Exercise aim ▸
Your copy of the entries below should hold exactly the lines from the one containing "settings Model: DataDictionary=LACS.sldd" to the one containing "Clock : Clock", inclusive, and no pictures.

Items listed in a dataset
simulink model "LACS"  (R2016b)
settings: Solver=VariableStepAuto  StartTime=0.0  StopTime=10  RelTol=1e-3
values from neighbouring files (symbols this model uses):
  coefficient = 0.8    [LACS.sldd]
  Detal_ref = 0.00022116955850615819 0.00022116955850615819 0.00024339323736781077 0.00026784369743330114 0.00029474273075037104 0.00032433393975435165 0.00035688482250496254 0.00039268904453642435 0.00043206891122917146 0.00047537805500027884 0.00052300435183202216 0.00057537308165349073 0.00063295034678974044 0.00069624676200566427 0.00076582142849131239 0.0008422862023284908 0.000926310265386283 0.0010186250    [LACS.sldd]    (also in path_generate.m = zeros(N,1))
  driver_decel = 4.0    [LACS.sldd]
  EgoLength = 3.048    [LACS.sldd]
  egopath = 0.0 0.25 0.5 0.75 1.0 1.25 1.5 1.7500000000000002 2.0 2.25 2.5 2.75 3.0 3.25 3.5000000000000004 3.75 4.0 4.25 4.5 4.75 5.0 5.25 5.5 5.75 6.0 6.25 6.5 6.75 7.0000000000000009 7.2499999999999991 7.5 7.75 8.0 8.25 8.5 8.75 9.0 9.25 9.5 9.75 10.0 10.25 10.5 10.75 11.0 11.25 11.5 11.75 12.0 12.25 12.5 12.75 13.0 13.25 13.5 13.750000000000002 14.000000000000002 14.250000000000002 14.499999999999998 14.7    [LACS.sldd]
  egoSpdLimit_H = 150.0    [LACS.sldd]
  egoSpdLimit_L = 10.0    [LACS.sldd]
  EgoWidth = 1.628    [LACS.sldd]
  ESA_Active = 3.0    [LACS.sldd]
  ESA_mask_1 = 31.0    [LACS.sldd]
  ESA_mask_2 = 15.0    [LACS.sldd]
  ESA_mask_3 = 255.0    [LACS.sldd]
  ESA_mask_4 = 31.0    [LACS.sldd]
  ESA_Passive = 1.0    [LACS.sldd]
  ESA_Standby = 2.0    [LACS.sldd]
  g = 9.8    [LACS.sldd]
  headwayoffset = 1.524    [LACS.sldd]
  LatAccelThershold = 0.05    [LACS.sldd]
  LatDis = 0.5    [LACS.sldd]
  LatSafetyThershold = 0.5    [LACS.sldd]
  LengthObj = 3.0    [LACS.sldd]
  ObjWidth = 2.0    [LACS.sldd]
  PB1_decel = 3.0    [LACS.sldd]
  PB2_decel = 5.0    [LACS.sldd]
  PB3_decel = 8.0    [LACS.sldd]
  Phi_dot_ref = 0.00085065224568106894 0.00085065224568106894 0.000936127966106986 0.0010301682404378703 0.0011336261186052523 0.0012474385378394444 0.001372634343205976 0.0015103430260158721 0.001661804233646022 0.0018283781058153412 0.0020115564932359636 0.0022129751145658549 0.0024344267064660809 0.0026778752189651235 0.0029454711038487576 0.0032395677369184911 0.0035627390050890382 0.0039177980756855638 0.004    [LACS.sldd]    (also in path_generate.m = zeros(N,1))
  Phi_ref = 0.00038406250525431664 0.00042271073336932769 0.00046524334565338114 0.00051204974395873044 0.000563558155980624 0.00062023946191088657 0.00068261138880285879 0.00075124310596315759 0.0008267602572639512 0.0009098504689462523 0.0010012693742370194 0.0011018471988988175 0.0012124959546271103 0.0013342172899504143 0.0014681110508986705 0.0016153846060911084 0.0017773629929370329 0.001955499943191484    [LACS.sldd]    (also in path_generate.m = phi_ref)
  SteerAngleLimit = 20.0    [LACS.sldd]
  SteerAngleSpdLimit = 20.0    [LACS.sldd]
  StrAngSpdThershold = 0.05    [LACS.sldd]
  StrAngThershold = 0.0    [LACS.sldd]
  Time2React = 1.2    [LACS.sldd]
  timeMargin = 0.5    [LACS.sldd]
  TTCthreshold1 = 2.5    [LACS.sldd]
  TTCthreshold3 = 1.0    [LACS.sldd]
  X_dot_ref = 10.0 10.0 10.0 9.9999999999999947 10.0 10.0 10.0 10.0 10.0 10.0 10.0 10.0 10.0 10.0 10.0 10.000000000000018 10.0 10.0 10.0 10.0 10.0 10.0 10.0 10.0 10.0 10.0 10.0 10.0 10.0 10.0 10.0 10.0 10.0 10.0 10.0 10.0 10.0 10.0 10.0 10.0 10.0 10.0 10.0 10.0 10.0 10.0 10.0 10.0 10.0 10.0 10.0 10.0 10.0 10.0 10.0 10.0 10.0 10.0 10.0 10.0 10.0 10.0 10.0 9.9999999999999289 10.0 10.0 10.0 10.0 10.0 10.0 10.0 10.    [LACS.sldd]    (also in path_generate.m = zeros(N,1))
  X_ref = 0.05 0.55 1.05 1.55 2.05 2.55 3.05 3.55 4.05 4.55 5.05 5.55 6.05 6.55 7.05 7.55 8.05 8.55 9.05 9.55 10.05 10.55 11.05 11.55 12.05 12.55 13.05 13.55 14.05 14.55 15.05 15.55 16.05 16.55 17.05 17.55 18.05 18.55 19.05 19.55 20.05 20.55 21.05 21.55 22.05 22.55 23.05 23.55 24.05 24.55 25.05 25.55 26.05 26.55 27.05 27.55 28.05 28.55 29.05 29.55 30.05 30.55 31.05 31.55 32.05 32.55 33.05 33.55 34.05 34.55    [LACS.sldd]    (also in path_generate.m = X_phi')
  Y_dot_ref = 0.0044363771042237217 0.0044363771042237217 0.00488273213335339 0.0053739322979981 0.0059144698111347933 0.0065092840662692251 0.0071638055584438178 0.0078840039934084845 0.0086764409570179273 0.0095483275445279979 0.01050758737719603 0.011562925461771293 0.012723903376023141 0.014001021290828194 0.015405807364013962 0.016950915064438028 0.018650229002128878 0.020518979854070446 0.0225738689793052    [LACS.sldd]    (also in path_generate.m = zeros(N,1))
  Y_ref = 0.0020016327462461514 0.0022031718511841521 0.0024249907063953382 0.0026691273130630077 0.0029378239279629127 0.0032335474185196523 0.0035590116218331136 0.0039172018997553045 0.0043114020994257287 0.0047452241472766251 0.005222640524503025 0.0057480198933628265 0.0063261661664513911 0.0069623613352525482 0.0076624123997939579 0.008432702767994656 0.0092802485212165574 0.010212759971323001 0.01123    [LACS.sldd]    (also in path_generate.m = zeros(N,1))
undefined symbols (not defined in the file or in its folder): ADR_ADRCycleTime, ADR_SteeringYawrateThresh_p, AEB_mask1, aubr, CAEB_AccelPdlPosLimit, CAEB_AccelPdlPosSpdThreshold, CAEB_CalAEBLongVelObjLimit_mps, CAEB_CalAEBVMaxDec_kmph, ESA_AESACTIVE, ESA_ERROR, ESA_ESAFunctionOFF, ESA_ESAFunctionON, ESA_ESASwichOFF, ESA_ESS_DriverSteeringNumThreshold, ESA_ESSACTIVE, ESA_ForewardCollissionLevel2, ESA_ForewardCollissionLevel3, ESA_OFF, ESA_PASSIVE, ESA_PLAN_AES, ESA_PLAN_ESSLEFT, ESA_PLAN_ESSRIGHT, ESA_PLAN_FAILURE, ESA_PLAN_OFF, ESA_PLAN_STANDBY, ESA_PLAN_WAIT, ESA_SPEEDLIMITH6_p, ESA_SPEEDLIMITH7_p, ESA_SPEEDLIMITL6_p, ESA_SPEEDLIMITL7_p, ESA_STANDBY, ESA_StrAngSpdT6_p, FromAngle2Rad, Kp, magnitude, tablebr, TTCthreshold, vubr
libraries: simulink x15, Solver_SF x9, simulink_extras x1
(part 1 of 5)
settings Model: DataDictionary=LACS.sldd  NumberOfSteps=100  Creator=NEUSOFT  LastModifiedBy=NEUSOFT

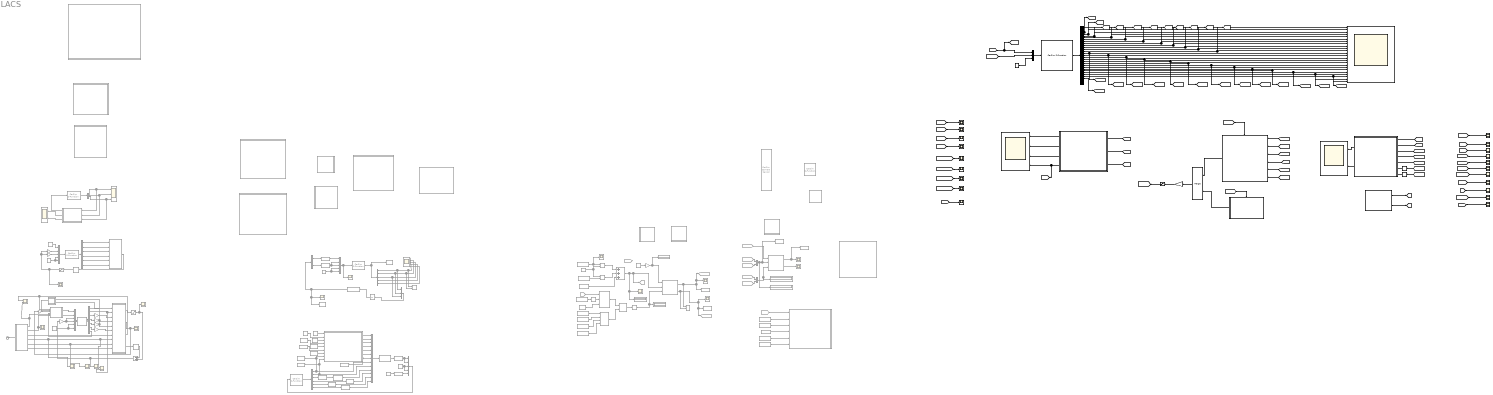
== system LACS ==
  note: 输入是制动压力
  note: 规划接口
  note: 转向不足
  note: 判断条件：
      | 1.前车静止或运动，自车与前车的关系
      | 2.TTC
      | 3.目标纵向速度
      | 4.目标纵向距离
      | 5.自车速度
      | 6.方向盘角度
      | 7.方向盘角速度
      | 8.没有刹车动作
      | 9.没有急加速动作
      | 10.航向角判断
  AEB : Subsystem  Commented=on
  AEB/ESA Comprehensive Decision : Stateflow chart  Commented=on  TreatAsAtomicUnit=on
  AEB/ESA Comprehensive Decision1 : Stateflow chart  Commented=on  TreatAsAtomicUnit=on
  AEB/ESAModeSwitch : Subsystem  Commented=on
  AEB_System : Subsystem  Commented=on
  AEBsts : Subsystem
  Add : Sum  Commented=on  Inputs=-+
  Add1 : Sum  Commented=on  Inputs=+++
  Bus Creator : BusCreator  Commented=on  Inputs=2
  Bus Creator1 : BusCreator  Commented=on  Inputs=2
  CTRL : Subsystem  Commented=on
  CarSim Camera Sensor : Solver_SF/CarSim Camera Sensor  Priority=1  Commented=on
  CarSim S-Function : Solver_SF/CarSim S-Function  Priority=1  Commented=on  SIMFILE=Simfile.sim
  CarSim S-Function1 : Solver_SF/CarSim S-Function  Priority=1  Commented=on  SIMFILE=simfile.sim
  CarSim S-Function2 : Solver_SF/CarSim S-Function  Priority=1  Commented=on  SIMFILE=simfile.sim
  CarSim S-Function2v : Solver_SF/CarSim S-Function2v  Priority=1  Commented=on  SIMFILE=[]
  CarSim S-Function3 : Solver_SF/CarSim S-Function  Priority=1  SIMFILE=simfile.sim
  CarSim S-Function4 : Solver_SF/CarSim S-Function  Priority=1  Commented=on  SIMFILE=simfile
  CarSim S-Function5 : Solver_SF/CarSim S-Function  Priority=1  Commented=on  SIMFILE=simfile.sim
  CarSim S-Function6 : Solver_SF/CarSim S-Function  Priority=1  Commented=on  SIMFILE=[]
  Clock : Clock  Commented=on
  Constant{,2,4,28} (4 alike) : Constant  Commented=on  Value=0
  Constant1 : Constant  Commented=on  Value=0.15
  Constant10 : Constant  Commented=on  Value=0.67
  Constant11 : Constant  Commented=on  Value=3
  Constant12 : Constant  Commented=on  Value=3
  Constant13 : Constant  Commented=on  Value=10
  Constant14 : Constant  Commented=on  Value=ObjWidth
  Constant15 : Constant  Commented=on  Value=10
  Constant16 : Constant  Commented=on  Value=EgoWidth
  Constant17 : Constant  Commented=on  Value=LatDis
  Constant18 : Constant  Commented=on  Value=coefficient
  Constant19 : Constant  Commented=on  Value=g
  Constant20 : Constant  Commented=on  Value=ObjWidth
  Constant21 : Constant  Commented=on  Value=X_ref
  Constant22 : Constant  Commented=on  Value=Y_ref
  Constant23 : Constant  Commented=on  Value=Phi_ref
  Constant24 : Constant  Commented=on  Value=X_dot_ref
  Constant25 : Constant  Commented=on  Value=Y_dot_ref
  Constant26 : Constant  Commented=on  Value=Phi_dot_ref
  Constant27 : Constant  Commented=on  Value=Detal_ref
  Constant29 : Constant  Commented=on  Value=10
  Constant30 : Constant  Value=0.5
  Constant5 : Constant  Commented=on  Value=1.5
  Constant6 : Constant  Commented=on  Value=0.5
  Constant7 : Constant  Commented=on  Value=2
  Constant8 : Constant  Commented=on  Value=0.8
  Constant9 : Constant  Commented=on  Value=9.8
  Delay : Delay  Commented=on  DelayLength=1  UseCircularBuffer=on
  Delay1 : Delay  DelayLength=1
  Delay2 : Delay  DelayLength=1
  Demux : Demux  Commented=on  Outputs=3
  Demux1 : Demux  Commented=on  Outputs=6
  Demux2 : Demux  Commented=on  Outputs=7
  Demux3 : Demux  Outputs=25
  Demux4 : Demux  Commented=on  Outputs=2
  Demux5 : Demux  Commented=on  Outputs=5
  Demux6 : Demux  Commented=on  Outputs=6
  Display{,1..4} (5 alike) : Display  Commented=on
  Divide : Product  Commented=on  Inputs=*/
  Divide1 : Product  Commented=on  Inputs=/*
  Divide2 : Product  Commented=on  Inputs=****
  Divide3 : Product  Commented=on  Inputs=***
  Divide4 : Product  Commented=on  Inputs=*/
  ESA : Subsystem  Commented=on
  ESAManager : Stateflow chart  Commented=on  TreatAsAtomicUnit=on
  ESARegulator_NOTON : Subsystem
  ESARegurator_ON : Subsystem
  ESAsts : Subsystem
  Fcn : Fcn  Commented=on  Expr=u*3.6
  Fcn1 : Fcn  Commented=on  Expr=u*180/pi
  Fcn2 : Fcn  Commented=on  Expr=u/180*pi
  Fcn3 : Fcn  Commented=on  Expr=u/pi*180
  Fcn4 : Fcn  Commented=on  Expr=u*3.6
  Fcn5 : Fcn  Commented=on  Expr=u/3.6
  Fcn6 : Fcn  Commented=on  Expr=u/3.6
  Fcn7 : Fcn  Commented=on  Expr=u/180*pi
  From17 : From  Commented=on  GotoTag=ye  TagVisibility=global
  From18 : From  Commented=on  GotoTag=egoSpd  TagVisibility=global
  From19 : From  Commented=on  GotoTag=egoSpd  TagVisibility=global
  From20 : From  Commented=on  GotoTag=L_prepoint  TagVisibility=global
  From21 : From  Commented=on  GotoTag=Xo  TagVisibility=global
  From22 : From  Commented=on  GotoTag=Yo  TagVisibility=global
  From23 : From  Commented=on  GotoTag=ego_path_x
  From24 : From  Commented=on  GotoTag=ego_path_y
  Gain : Gain  Commented=on  Gain=180/pi
  Gain1 : Gain  Commented=on  Gain=180/pi
  Gain2 : Gain  Commented=on  Gain=1/3.6
  Gain3 : Gain  Commented=on  Gain=1/3.6
  Gain4 : Gain  Commented=on  Gain=pi/180
  Gain5 : Gain  Commented=on  Gain=180/pi
  Gain6 : Gain  Commented=on  Gain=pi/180
  Gain7 : Gain  Commented=on  Gain=-1
  Gain8 : Gain  Gain=15.6
  Gain9 : Gain  Commented=on  Gain=1/3.6
  Goto26 : Goto  Commented=on  GotoTag=ye  TagVisibility=global
  Goto27 : Goto  Commented=on  GotoTag=ego_path_x
  Goto28 : Goto  Commented=on  GotoTag=ego_path_y
  LQR : Subsystem  Commented=on
  LatParamCaculation : Subsystem
  MATLAB Function : MATLAB Function  Commented=on  TreatAsAtomicUnit=on
  MATLAB Function1 : MATLAB Function  Commented=on  TreatAsAtomicUnit=on
  MATLAB Function2 : MATLAB Function  Commented=on  TreatAsAtomicUnit=on
  Merge : Merge
  Mux : Mux  Commented=on  Inputs=5
  Mux1 : Mux  Commented=on  Inputs=6
  Mux2 : Mux  Inputs=3
  Mux3 : Mux  Commented=on  Inputs=5
  Mux4 : Mux  Commented=on  Inputs=3
  Mux5 : Mux  Commented=on  Inputs=13
  Mux6 : Mux  Commented=on  Inputs=5
  PID Controller : simulink/Continuous/PID Controller  Commented=on  Controller=PID  TimeDomain=Continuous-time  SampleTime=-1  IntegratorMethod=Forward Euler  FilterMethod=Forward Euler  Form=Parallel  UseFilter=on  ControllerParametersSource=internal  P=0  I=0  D=0  N=100  InitialConditionSource=internal  InitialConditionForIntegrator=0  InitialConditionForFilter=0  ExternalReset=none  LimitOutput=off  UpperSaturationLimit=inf  LowerSaturationLimit=-inf  LinearizeAsGain=on  AntiWindupMode=none  Kb=1  TrackingMode=off  Kt=1  PParamMin=[]  PParamMax=[]  IParamMin=[]  IParamMax=[]  DParamMin=[]  DParamMax=[]  NParamMin=[]  NParamMax=[]  KbParamMin=[]  KbParamMax=[]  KtParamMin=[]  KtParamMax=[]  POutMin=[]  POutMax=[]  IOutMin=[]  IOutMax=[]  DOutMin=[]  DOutMax=[]  NOutMin=[]  NOutMax=[]  KbOutMin=[]  KbOutMax=[]  KtOutMin=[]  KtOutMax=[]  IntegratorOutMin=[]  IntegratorOutMax=[]  FilterOutMin=[]  FilterOutMax=[]  SumOutMin=[]  SumOutMax=[]  SumI1OutMin=[]  SumI1OutMax=[]  SumI2OutMin=[]  SumI2OutMax=[]  SumI3OutMin=[]  SumI3OutMax=[]  SumDOutMin=[]  SumDOutMax=[]  SaturationOutMin=[]  SaturationOutMax=[]  IntegratorContinuousStateAttributes=''  IntegratorStateMustResolveToSignalObject=off  IntegratorRTWStateStorageClass=Auto  FilterContinuousStateAttributes=''  FilterStateMustResolveToSignalObject=off  FilterRTWStateStorageClass=Auto  DifferentiatorICPrevScaledInput=0  DifferentiatorOutMin=[]  DifferentiatorOutMax=[]
  PassengerAEBManagement : Stateflow chart  Commented=on  TreatAsAtomicUnit=on
  Planning&Controlling : Subsystem  Commented=on
  S-Function : S-Function  Commented=on  FunctionName=MPC_Controller  SFunctionDeploymentMode=off  EnableBusSupport=off
  S-Function1 : S-Function  Commented=on  FunctionName=mpc_controller  SFunctionDeploymentMode=off  EnableBusSupport=off
  Saturation : Saturate  Commented=on  UpperLimit=1.2  LowerLimit=-1.2
  Saturation1 : Saturate  Commented=on  UpperLimit=1  LowerLimit=-1
  Saturation2 : Saturate  UpperLimit=180  LowerLimit=-180
  Scope : Scope  Commented=on  NumInputPorts=3
  Scope1 : Scope  Commented=on  NumInputPorts=2
  Scope{2,4..6,8..10,14,16..20,29..30} (15 alike) : Scope  Commented=on
  Scope11 : Scope  NumInputPorts=24
  Scope12 : Scope  NumInputPorts=4
  Scope13 : Scope  NumInputPorts=2
  Scope15 : Scope  Commented=on  NumInputPorts=5
  Scope{21..28,31..42} (20 alike) : Scope
  Scope3 : Scope  Commented=on  NumInputPorts=2
  Scope7 : Scope  Commented=on  NumInputPorts=2
  Sqrt : Sqrt  Commented=on  SaturateOnIntegerOverflow=on
  Sqrt1 : Sqrt  Commented=on  SaturateOnIntegerOverflow=on
  Subsystem : Subsystem  Commented=on
  To Workspace : ToWorkspace  Commented=on  VariableName=u  SaveFormat=Timeseries  SampleTime=-1
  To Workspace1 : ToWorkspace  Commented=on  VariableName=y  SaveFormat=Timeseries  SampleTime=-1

Result of this task ▸
settings Model: DataDictionary=LACS.sldd  NumberOfSteps=100  Creator=NEUSOFT  LastModifiedBy=NEUSOFT

== system LACS ==
  note: 输入是制动压力
  note: 规划接口
  note: 转向不足
  note: 判断条件：
      | 1.前车静止或运动，自车与前车的关系
      | 2.TTC
      | 3.目标纵向速度
      | 4.目标纵向距离
      | 5.自车速度
      | 6.方向盘角度
      | 7.方向盘角速度
      | 8.没有刹车动作
      | 9.没有急加速动作
      | 10.航向角判断
  AEB : Subsystem  Commented=on
  AEB/ESA Comprehensive Decision : Stateflow chart  Commented=on  TreatAsAtomicUnit=on
  AEB/ESA Comprehensive Decision1 : Stateflow chart  Commented=on  TreatAsAtomicUnit=on
  AEB/ESAModeSwitch : Subsystem  Commented=on
  AEB_System : Subsystem  Commented=on
  AEBsts : Subsystem
  Add : Sum  Commented=on  Inputs=-+
  Add1 : Sum  Commented=on  Inputs=+++
  Bus Creator : BusCreator  Commented=on  Inputs=2
  Bus Creator1 : BusCreator  Commented=on  Inputs=2
  CTRL : Subsystem  Commented=on
  CarSim Camera Sensor : Solver_SF/CarSim Camera Sensor  Priority=1  Commented=on
  CarSim S-Function : Solver_SF/CarSim S-Function  Priority=1  Commented=on  SIMFILE=Simfile.sim
  CarSim S-Function1 : Solver_SF/CarSim S-Function  Priority=1  Commented=on  SIMFILE=simfile.sim
  CarSim S-Function2 : Solver_SF/CarSim S-Function  Priority=1  Commented=on  SIMFILE=simfile.sim
  CarSim S-Function2v : Solver_SF/CarSim S-Function2v  Priority=1  Commented=on  SIMFILE=[]
  CarSim S-Function3 : Solver_SF/CarSim S-Function  Priority=1  SIMFILE=simfile.sim
  CarSim S-Function4 : Solver_SF/CarSim S-Function  Priority=1  Commented=on  SIMFILE=simfile
  CarSim S-Function5 : Solver_SF/CarSim S-Function  Priority=1  Commented=on  SIMFILE=simfile.sim
  CarSim S-Function6 : Solver_SF/CarSim S-Function  Priority=1  Commented=on  SIMFILE=[]
  Clock : Clock  Commented=on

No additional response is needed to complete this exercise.